(Stored data entries)
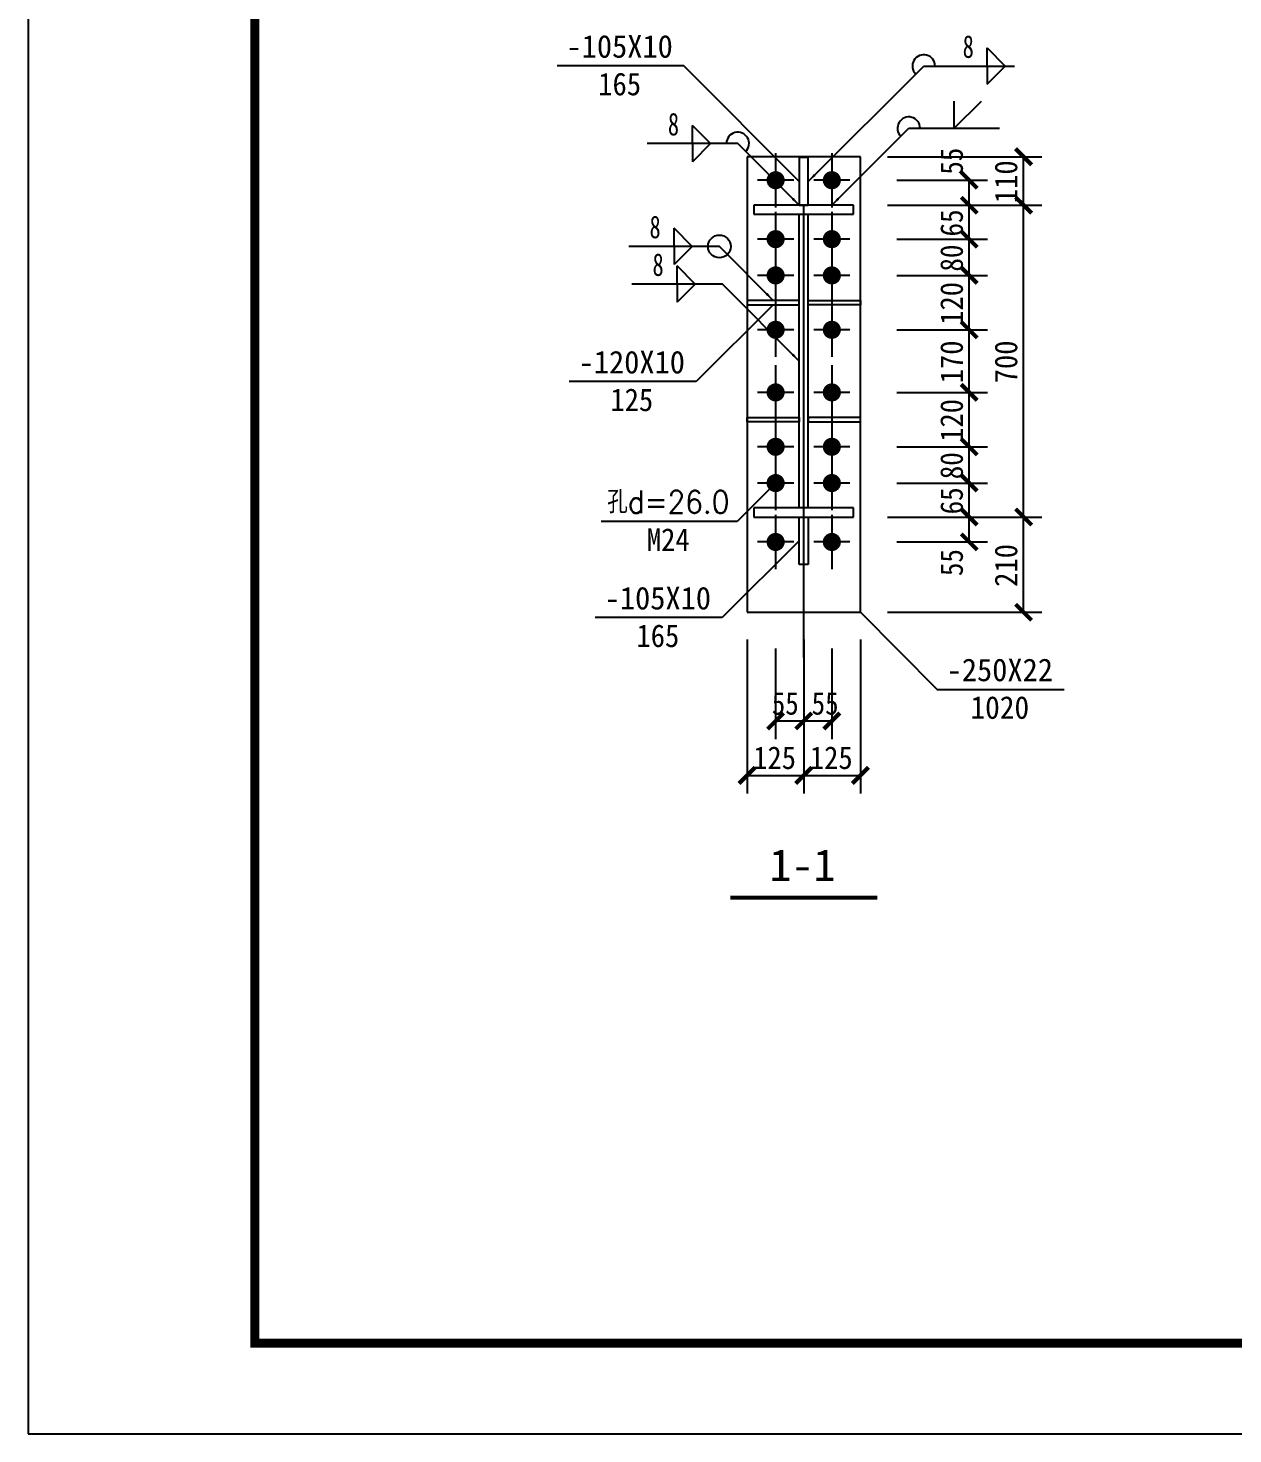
# Model space of a CAD drawing. Extents: x 32177600 to 32582346, y -189249 to 154687.
# Drawn here: x 32508046 to 32521334, y 13451 to 28960 of the extents above; entities that cross this region are included whole.
import ezdxf
from ezdxf.enums import TextEntityAlignment as Align

# ---------------------------------------------------------------- set-up
doc = ezdxf.new("R2010")
doc.units = 0
doc.header["$LTSCALE"] = 1000
doc.header["$MEASUREMENT"] = 0
doc.linetypes.add('6', pattern=[8.75, 5, -1.25, 1.25, -1.25])
for name, color, linetype in [('10', 7, 'CONTINUOUS'), ('20', 2, 'CONTINUOUS'), ('PUB_TITLE', 4, 'CONTINUOUS'), ('尺寸标注', 253, 'CONTINUOUS'), ('焊缝标注', 253, 'CONTINUOUS'), ('螺栓孔标注', 253, 'CONTINUOUS'), ('钢板标注', 253, 'CONTINUOUS')]:
    doc.layers.add(name, color=color, linetype=linetype)
doc.styles.add('_HZTXT', font='txt.shx', dxfattribs={"width": 0.8, "bigfont": 'hztxt.shx'})

msp = doc.modelspace()

# ---------------------------------------------------------------- linework, layer by layer
at = {"layer": '10', "color": 7, "linetype": '6'}
msp.add_line((32516600.6, 22016.2, 500), (32516600.6, 28041.2, 500), dxfattribs=at)
at = {"layer": '10', "color": 253}
for p, q in [((32516290.6, 27582, 500), (32516290.6, 26982, 500)), ((32516910.6, 27582, 500), (32516910.6, 26982, 500)), ((32516490.6, 27282, 500), (32516090.6, 27282, 500)), ((32517110.6, 27282, 500), (32516710.6, 27282, 500)), ((32516290.6, 26932, 500), (32516290.6, 26332, 500)), ((32516910.6, 26932, 500), (32516910.6, 26332, 500)), ((32516490.6, 26632, 500), (32516090.6, 26632, 500)), ((32516290.6, 26532, 500), (32516290.6, 25932, 500)), ((32517110.6, 26632, 500), (32516710.6, 26632, 500)), ((32516910.6, 26532, 500), (32516910.6, 25932, 500)), ((32516490.6, 26232, 500), (32516090.6, 26232, 500)), ((32517110.6, 26232, 500), (32516710.6, 26232, 500)), ((32516290.6, 25932, 500), (32516290.6, 25332, 500)), ((32516910.6, 25932, 500), (32516910.6, 25332, 500)), ((32516490.6, 25632, 500), (32516090.6, 25632, 500)), ((32517110.6, 25632, 500), (32516710.6, 25632, 500)), ((32516290.6, 25241.2, 500), (32516290.6, 24641.2, 500)), ((32516910.6, 25241.2, 500), (32516910.6, 24641.2, 500)), ((32516490.6, 24941.2, 500), (32516090.6, 24941.2, 500)), ((32517110.6, 24941.2, 500), (32516710.6, 24941.2, 500)), ((32516290.6, 24641.2, 500), (32516290.6, 24041.2, 500)), ((32516910.6, 24641.2, 500), (32516910.6, 24041.2, 500)), ((32516490.6, 24341.2, 500), (32516090.6, 24341.2, 500)), ((32516290.6, 24241.2, 500), (32516290.6, 23641.2, 500)), ((32517110.6, 24341.2, 500), (32516710.6, 24341.2, 500)), ((32516910.6, 24241.2, 500), (32516910.6, 23641.2, 500)), ((32516490.6, 23941.2, 500), (32516090.6, 23941.2, 500)), ((32517110.6, 23941.2, 500), (32516710.6, 23941.2, 500)), ((32516290.6, 23591.2, 500), (32516290.6, 22991.2, 500)), ((32516910.6, 23591.2, 500), (32516910.6, 22991.2, 500)), ((32516490.6, 23291.2, 500), (32516090.6, 23291.2, 500)), ((32517110.6, 23291.2, 500), (32516710.6, 23291.2, 500))]:
    msp.add_line(p, q, dxfattribs=at)
at = {"layer": '10', "const_width": 100, "elevation": 500}
for points in [[(32516340.6, 27282, 1), (32516240.6, 27282, 1), (32516340.6, 27282, 1)], [(32516960.6, 27282, 1), (32516860.6, 27282, 1), (32516960.6, 27282, 1)], [(32516340.6, 26632, 1), (32516240.6, 26632, 1), (32516340.6, 26632, 1)], [(32516960.6, 26632, 1), (32516860.6, 26632, 1), (32516960.6, 26632, 1)], [(32516340.6, 26232, 1), (32516240.6, 26232, 1), (32516340.6, 26232, 1)], [(32516960.6, 26232, 1), (32516860.6, 26232, 1), (32516960.6, 26232, 1)], [(32516340.6, 25632, 1), (32516240.6, 25632, 1), (32516340.6, 25632, 1)], [(32516960.6, 25632, 1), (32516860.6, 25632, 1), (32516960.6, 25632, 1)], [(32516340.6, 24941.2, 1), (32516240.6, 24941.2, 1), (32516340.6, 24941.2, 1)], [(32516960.6, 24941.2, 1), (32516860.6, 24941.2, 1), (32516960.6, 24941.2, 1)], [(32516340.6, 24341.2, 1), (32516240.6, 24341.2, 1), (32516340.6, 24341.2, 1)], [(32516960.6, 24341.2, 1), (32516860.6, 24341.2, 1), (32516960.6, 24341.2, 1)], [(32516340.6, 23941.2, 1), (32516240.6, 23941.2, 1), (32516340.6, 23941.2, 1)], [(32516960.6, 23941.2, 1), (32516860.6, 23941.2, 1), (32516960.6, 23941.2, 1)], [(32516340.6, 23291.2, 1), (32516240.6, 23291.2, 1), (32516340.6, 23291.2, 1)], [(32516960.6, 23291.2, 1), (32516860.6, 23291.2, 1), (32516960.6, 23291.2, 1)]]:
    msp.add_lwpolyline(points, format="xyb", dxfattribs=at)
at = {"layer": '10', "color": 3, "elevation": 500}
for points in [[(32517150.6, 27007), (32516050.6, 27007)], [(32516050.6, 27007), (32516050.6, 26907)], [(32517150.6, 26907), (32517150.6, 27007)], [(32516050.6, 26907), (32517150.6, 26907)], [(32516550.6, 23666.2), (32516550.6, 26907)], [(32516650.6, 23666.2), (32516650.6, 26907)], [(32517150.6, 23666.2), (32516050.6, 23666.2)], [(32516050.6, 23666.2), (32516050.6, 23566.2)], [(32517150.6, 23566.2), (32517150.6, 23666.2)], [(32516050.6, 23566.2), (32517150.6, 23566.2)]]:
    msp.add_lwpolyline(points, dxfattribs=at)
at = {"layer": '10', "const_width": 45, "elevation": 500}
msp.add_lwpolyline([(32515790.6, 19366.2), (32517410.6, 19366.2)], dxfattribs=at)
at = {"layer": '20', "elevation": 500}
for points in [[(32517225.6, 27541.2), (32515975.6, 27541.2)], [(32515975.6, 27541.2), (32515975.6, 22516.2)], [(32516650.6, 27532), (32516550.6, 27532)], [(32516550.6, 27532), (32516550.6, 27007)], [(32516650.6, 27007), (32516650.6, 27532)], [(32517225.6, 22516.2), (32517225.6, 27541.2)], [(32516550.6, 27007), (32516650.6, 27007)], [(32516550.6, 25957), (32515975.6, 25957)], [(32515975.6, 25957), (32515975.6, 25907)], [(32515975.6, 25907), (32516550.6, 25907)], [(32516550.6, 25907), (32516550.6, 25957)], [(32516650.6, 25957), (32517225.6, 25957)], [(32516650.6, 25907), (32516650.6, 25957)], [(32517225.6, 25907), (32516650.6, 25907)], [(32517225.6, 25957), (32517225.6, 25907)], [(32515975.6, 24616.2), (32515975.6, 24666.2)], [(32515975.6, 24666.2), (32516550.6, 24666.2)], [(32516550.6, 24666.2), (32516550.6, 24616.2)], [(32517225.6, 24666.2), (32516650.6, 24666.2)], [(32516650.6, 24666.2), (32516650.6, 24616.2)], [(32517225.6, 24616.2), (32517225.6, 24666.2)], [(32516550.6, 24616.2), (32515975.6, 24616.2)], [(32516650.6, 24616.2), (32517225.6, 24616.2)], [(32516550.6, 23566.2), (32516650.6, 23566.2)], [(32516550.6, 23041.2), (32516550.6, 23566.2)], [(32516650.6, 23566.2), (32516650.6, 23041.2)], [(32516650.6, 23041.2), (32516550.6, 23041.2)], [(32515975.6, 22516.2), (32517225.6, 22516.2)]]:
    msp.add_lwpolyline(points, dxfattribs=at)
at = {"layer": 'PUB_TITLE'}
msp.add_lwpolyline([(32508046.3, 13451.5), (32582346.3, 13451.5), (32582346.3, 55451.5), (32508046.3, 55451.5)], close=True, dxfattribs=at)
at = {"layer": 'PUB_TITLE', "const_width": 100}
msp.add_lwpolyline([(32510546.3, 14451.5), (32581346.3, 14451.5), (32581346.3, 54451.5), (32510546.3, 54451.5)], close=True, dxfattribs=at)
at = {"layer": '尺寸标注'}
for p, q in [((32517525.6, 27541.2, 500), (32519225.6, 27541.2, 500)), ((32519025.6, 27007, 500), (32519025.6, 27541.2, 500)), ((32517625.6, 27282, 500), (32518625.6, 27282, 500)), ((32518425.6, 27007, 500), (32518425.6, 27282, 500)), ((32517525.6, 27007, 500), (32519225.6, 27007, 500)), ((32517525.6, 27007, 500), (32519225.6, 27007, 500)), ((32517625.6, 27007, 500), (32518625.6, 27007, 500)), ((32517625.6, 27007, 500), (32518625.6, 27007, 500)), ((32518425.6, 26632, 500), (32518425.6, 27007, 500)), ((32519025.6, 23566.2, 500), (32519025.6, 27007, 500)), ((32517625.6, 26632, 500), (32518625.6, 26632, 500)), ((32517625.6, 26632, 500), (32518625.6, 26632, 500)), ((32518425.6, 26232, 500), (32518425.6, 26632, 500)), ((32517625.6, 26232, 500), (32518625.6, 26232, 500)), ((32517625.6, 26232, 500), (32518625.6, 26232, 500)), ((32518425.6, 25632, 500), (32518425.6, 26232, 500)), ((32517625.6, 25632, 500), (32518625.6, 25632, 500)), ((32517625.6, 25632, 500), (32518625.6, 25632, 500)), ((32518425.6, 24941.2, 500), (32518425.6, 25632, 500)), ((32517625.6, 24941.2, 500), (32518625.6, 24941.2, 500)), ((32517625.6, 24941.2, 500), (32518625.6, 24941.2, 500)), ((32518425.6, 24341.2, 500), (32518425.6, 24941.2, 500)), ((32517625.6, 24341.2, 500), (32518625.6, 24341.2, 500)), ((32517625.6, 24341.2, 500), (32518625.6, 24341.2, 500)), ((32518425.6, 23941.2, 500), (32518425.6, 24341.2, 500)), ((32517625.6, 23941.2, 500), (32518625.6, 23941.2, 500)), ((32517625.6, 23941.2, 500), (32518625.6, 23941.2, 500)), ((32518425.6, 23566.2, 500), (32518425.6, 23941.2, 500)), ((32517525.6, 23566.2, 500), (32519225.6, 23566.2, 500)), ((32517525.6, 23566.2, 500), (32519225.6, 23566.2, 500)), ((32517625.6, 23566.2, 500), (32518625.6, 23566.2, 500)), ((32517625.6, 23566.2, 500), (32518625.6, 23566.2, 500)), ((32518425.6, 23291.2, 500), (32518425.6, 23566.2, 500)), ((32519025.6, 22516.2, 500), (32519025.6, 23566.2, 500)), ((32517625.6, 23291.2, 500), (32518625.6, 23291.2, 500)), ((32517525.6, 22516.2, 500), (32519225.6, 22516.2, 500)), ((32515975.6, 22216.2, 500), (32515975.6, 20516.2, 500)), ((32516600.6, 22216.2, 500), (32516600.6, 20516.2, 500)), ((32516600.6, 22216.2, 500), (32516600.6, 20516.2, 500)), ((32517225.6, 22216.2, 500), (32517225.6, 20516.2, 500)), ((32516290.6, 22116.2, 500), (32516290.6, 21116.2, 500)), ((32516600.6, 22116.2, 500), (32516600.6, 21116.2, 500)), ((32516600.6, 22116.2, 500), (32516600.6, 21116.2, 500)), ((32516910.6, 22116.2, 500), (32516910.6, 21116.2, 500)), ((32516290.6, 21316.2, 500), (32516600.6, 21316.2, 500)), ((32516600.6, 21316.2, 500), (32516910.6, 21316.2, 500)), ((32515975.6, 20716.2, 500), (32516600.6, 20716.2, 500)), ((32516600.6, 20716.2, 500), (32517225.6, 20716.2, 500))]:
    msp.add_line(p, q, dxfattribs=at)
at = {"layer": '尺寸标注', "const_width": 45, "elevation": 500}
for points in [[(32518937.2, 27629.6), (32519114, 27452.8)], [(32518337.2, 27370.4), (32518514, 27193.6)], [(32518337.2, 27095.4), (32518514, 26918.6)], [(32518337.2, 27095.4), (32518514, 26918.6)], [(32518937.2, 27095.4), (32519114, 26918.6)], [(32518937.2, 27095.4), (32519114, 26918.6)], [(32518337.2, 26720.4), (32518514, 26543.6)], [(32518337.2, 26720.4), (32518514, 26543.6)], [(32518337.2, 26320.4), (32518514, 26143.6)], [(32518337.2, 26320.4), (32518514, 26143.6)], [(32518337.2, 25720.4), (32518514, 25543.6)], [(32518337.2, 25720.4), (32518514, 25543.6)], [(32518337.2, 25029.6), (32518514, 24852.8)], [(32518337.2, 25029.6), (32518514, 24852.8)], [(32518337.2, 24429.6), (32518514, 24252.8)], [(32518337.2, 24429.6), (32518514, 24252.8)], [(32518337.2, 24029.6), (32518514, 23852.8)], [(32518337.2, 24029.6), (32518514, 23852.8)], [(32518337.2, 23654.6), (32518514, 23477.8)], [(32518337.2, 23654.6), (32518514, 23477.8)], [(32518937.2, 23654.6), (32519114, 23477.8)], [(32518937.2, 23654.6), (32519114, 23477.8)], [(32518337.2, 23379.6), (32518514, 23202.8)], [(32518937.2, 22604.6), (32519114, 22427.8)], [(32516202.2, 21227.8), (32516379, 21404.6)], [(32516512.2, 21227.8), (32516689, 21404.6)], [(32516512.2, 21227.8), (32516689, 21404.6)], [(32516822.2, 21227.8), (32516999, 21404.6)], [(32515887.2, 20627.8), (32516064, 20804.6)], [(32516512.2, 20627.8), (32516689, 20804.6)], [(32516512.2, 20627.8), (32516689, 20804.6)], [(32517137.2, 20627.8), (32517314, 20804.6)]]:
    msp.add_lwpolyline(points, dxfattribs=at)
at = {"layer": '焊缝标注'}
for p, q in [((32518623.9, 28741.8, 500), (32518823.9, 28541.8, 500)), ((32518623.9, 28541.8, 500), (32518623.9, 28741.8, 500)), ((32516650.6, 27269.5, 500), (32517923.9, 28541.8, 500)), ((32517923.9, 28541.8, 500), (32518923.9, 28541.8, 500)), ((32518623.9, 28341.8, 500), (32518823.9, 28541.8, 500)), ((32518623.9, 28541.8, 500), (32518623.9, 28341.8, 500)), ((32518259.5, 27855.2, 500), (32518259.5, 28155.2, 500)), ((32518259.5, 27855.2, 500), (32518559.5, 28155.2, 500)), ((32515572.6, 27686.7, 500), (32515372.6, 27886.7, 500)), ((32515372.6, 27686.7, 500), (32515372.6, 27886.7, 500)), ((32516910.6, 27007, 500), (32517759.5, 27855.2, 500)), ((32517759.5, 27855.2, 500), (32518759.5, 27855.2, 500)), ((32515872.6, 27686.7, 500), (32514872.6, 27686.7, 500)), ((32515572.6, 27686.7, 500), (32515372.6, 27486.7, 500)), ((32515372.6, 27686.7, 500), (32515372.6, 27486.7, 500)), ((32516550.6, 27007, 500), (32515872.6, 27686.7, 500)), ((32515369.9, 26551.7, 500), (32515169.9, 26751.7, 500)), ((32515169.9, 26551.7, 500), (32515169.9, 26751.7, 500)), ((32515669.9, 26551.7, 500), (32514669.9, 26551.7, 500)), ((32515369.9, 26551.7, 500), (32515169.9, 26351.7, 500)), ((32515169.9, 26551.7, 500), (32515169.9, 26351.7, 500)), ((32516263.1, 25957, 500), (32515669.9, 26551.7, 500)), ((32515403.1, 26136.1, 500), (32515203.1, 26336.1, 500)), ((32515203.1, 26136.1, 500), (32515203.1, 26336.1, 500)), ((32515703.1, 26136.1, 500), (32514703.1, 26136.1, 500)), ((32515403.1, 26136.1, 500), (32515203.1, 25936.1, 500)), ((32515203.1, 26136.1, 500), (32515203.1, 25936.1, 500)), ((32516550.6, 25286.6, 500), (32515703.1, 26136.1, 500))]:
    msp.add_line(p, q, dxfattribs=at)
msp.add_circle((32515669.9, 26551.7, 500), 125, dxfattribs=at)
for centre, start, end in [((32517923.9, 28541.8, 500), 0, 224.97719), ((32517759.5, 27855.2, 500), 0, 224.97719), ((32515872.6, 27686.7, 500), 314.93155, 180.00001)]:
    msp.add_arc(centre, 125, start, end, dxfattribs=at)
for points in [[(32516650.6, 27269.5, 500), (32516732, 27329.6, 500), (32516710.8, 27350.8, 500)], [(32516550.6, 27007, 500), (32516490.6, 27088.4, 500), (32516469.4, 27067.2, 500)], [(32516910.6, 27007, 500), (32516992, 27067.1, 500), (32516970.8, 27088.3, 500)], [(32516263.1, 25957, 500), (32516203.1, 26038.4, 500), (32516181.9, 26017.2, 500)], [(32516550.6, 25286.6, 500), (32516490.6, 25368, 500), (32516469.4, 25346.8, 500)]]:
    msp.add_solid(points, dxfattribs=at)
at = {"layer": '螺栓孔标注'}
for p, q in [((32516290.6, 23941.2, 500), (32515865.5, 23517.8, 500)), ((32515865.5, 23517.8, 500), (32514365.5, 23517.8, 500))]:
    msp.add_line(p, q, dxfattribs=at)
at = {"layer": '螺栓孔标注', "const_width": 10, "elevation": 500}
msp.add_lwpolyline([(32516295.6, 23941.2, 1), (32516285.6, 23941.2, 1), (32516295.6, 23941.2, 1)], format="xyb", dxfattribs=at)
at = {"layer": '钢板标注'}
for p, q in [((32515279.3, 28543.8, 500), (32513879.3, 28543.8, 500)), ((32516550.6, 27269.5, 500), (32515279.3, 28543.8, 500)), ((32516263.1, 25907, 500), (32515412.9, 25060.2, 500)), ((32515412.9, 25060.2, 500), (32514012.9, 25060.2, 500)), ((32516550.6, 23303.7, 500), (32515700.4, 22456.8, 500)), ((32517225.6, 22516.2, 500), (32518071.8, 21665.3, 500)), ((32515700.4, 22456.8, 500), (32514300.4, 22456.8, 500)), ((32518071.8, 21665.3, 500), (32519471.8, 21665.3, 500))]:
    msp.add_line(p, q, dxfattribs=at)
at = {"layer": '钢板标注', "const_width": 10, "elevation": 500}
for points in [[(32516555.6, 27269.5, 1), (32516545.6, 27269.5, 1), (32516555.6, 27269.5, 1)], [(32516268.1, 25907, 1), (32516258.1, 25907, 1), (32516268.1, 25907, 1)], [(32516555.6, 23303.7, 1), (32516545.6, 23303.7, 1), (32516555.6, 23303.7, 1)], [(32517230.6, 22516.2, 1), (32517220.6, 22516.2, 1), (32517230.6, 22516.2, 1)]]:
    msp.add_lwpolyline(points, format="xyb", dxfattribs=at)

# ---------------------------------------------------------------- texts
at = {"layer": '10', "width": 1.041428}
msp.add_text('1-1', height=350, dxfattribs=at).set_placement((32516222.6, 19551.7, 500), (32516951.6, 19551.7, 500), align=Align.FIT)
at = {"layer": '尺寸标注'}
for s, width, p, p2 in [('55', 0.714, (32518355.6, 27343.3, 500), (32518355.6, 27640.8, 500)), ('110', 1.030909, (32518955.6, 27029.1, 500), (32518955.6, 27501.6, 500)), ('65', 0.714, (32518355.6, 26662, 500), (32518355.6, 26959.5, 500)), ('80', 0.793333, (32518355.6, 26274.5, 500), (32518355.6, 26572, 500)), ('120', 0.872307, (32518355.6, 25687, 500), (32518355.6, 26159.5, 500)), ('170', 0.872307, (32518355.6, 25041.6, 500), (32518355.6, 25514.1, 500)), ('700', 0.81, (32518955.6, 25041.6, 500), (32518955.6, 25514.1, 500)), ('120', 0.872307, (32518355.6, 24396.2, 500), (32518355.6, 24868.7, 500)), ('80', 0.793333, (32518355.6, 23983.7, 500), (32518355.6, 24281.2, 500)), ('65', 0.714001, (32518355.6, 23596.2, 500), (32518355.6, 23893.7, 500)), ('55', 0.714001, (32518355.6, 22914.9, 500), (32518355.6, 23212.4, 500)), ('210', 0.872308, (32518955.6, 22796.2, 500), (32518955.6, 23268.7, 500))]:
    msp.add_text(s, height=250, rotation=90, dxfattribs=dict(at, width=width)).set_placement(p, p2, align=Align.FIT)
for s, width, p, p2 in [('55', 0.714, (32516248.3, 21386.2, 500), (32516545.8, 21386.2, 500)), ('55', 0.714001, (32516687.7, 21386.2, 500), (32516985.2, 21386.2, 500)), ('125', 0.81, (32516043.1, 20786.2, 500), (32516515.6, 20786.2, 500)), ('125', 0.81, (32516668.1, 20786.2, 500), (32517140.6, 20786.2, 500))]:
    msp.add_text(s, height=250, dxfattribs=dict(at, width=width)).set_placement(p, p2, align=Align.FIT)
at = {"layer": '焊缝标注', "width": 0.734999}
for p, p2 in [((32518353.9, 28631.8, 500), (32518476.4, 28631.8, 500)), ((32515102.6, 27776.7, 500), (32515225.1, 27776.7, 500)), ((32514899.9, 26641.7, 500), (32515022.4, 26641.7, 500)), ((32514933.1, 26226.1, 500), (32515055.6, 26226.1, 500))]:
    msp.add_text('8', height=250, dxfattribs=at).set_placement(p, p2, align=Align.FIT)
at = {"layer": '螺栓孔标注', "style": '_HZTXT', "width": 0.924}
msp.add_text('孔d=26.0', height=250, dxfattribs=at).set_placement((32514433, 23607.8, 500), (32515780.5, 23607.8, 500), align=Align.FIT)
at = {"layer": '螺栓孔标注', "width": 0.70875}
msp.add_text('M24', height=250, dxfattribs=at).set_placement((32514870.5, 23192.8, 500), (32515343, 23192.8, 500), align=Align.FIT)
at = {"layer": '钢板标注'}
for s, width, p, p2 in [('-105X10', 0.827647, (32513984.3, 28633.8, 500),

▶ _The task_
Count the lines in the entries where the string "name" appears, and report only the number.

▶ _Written solution_
2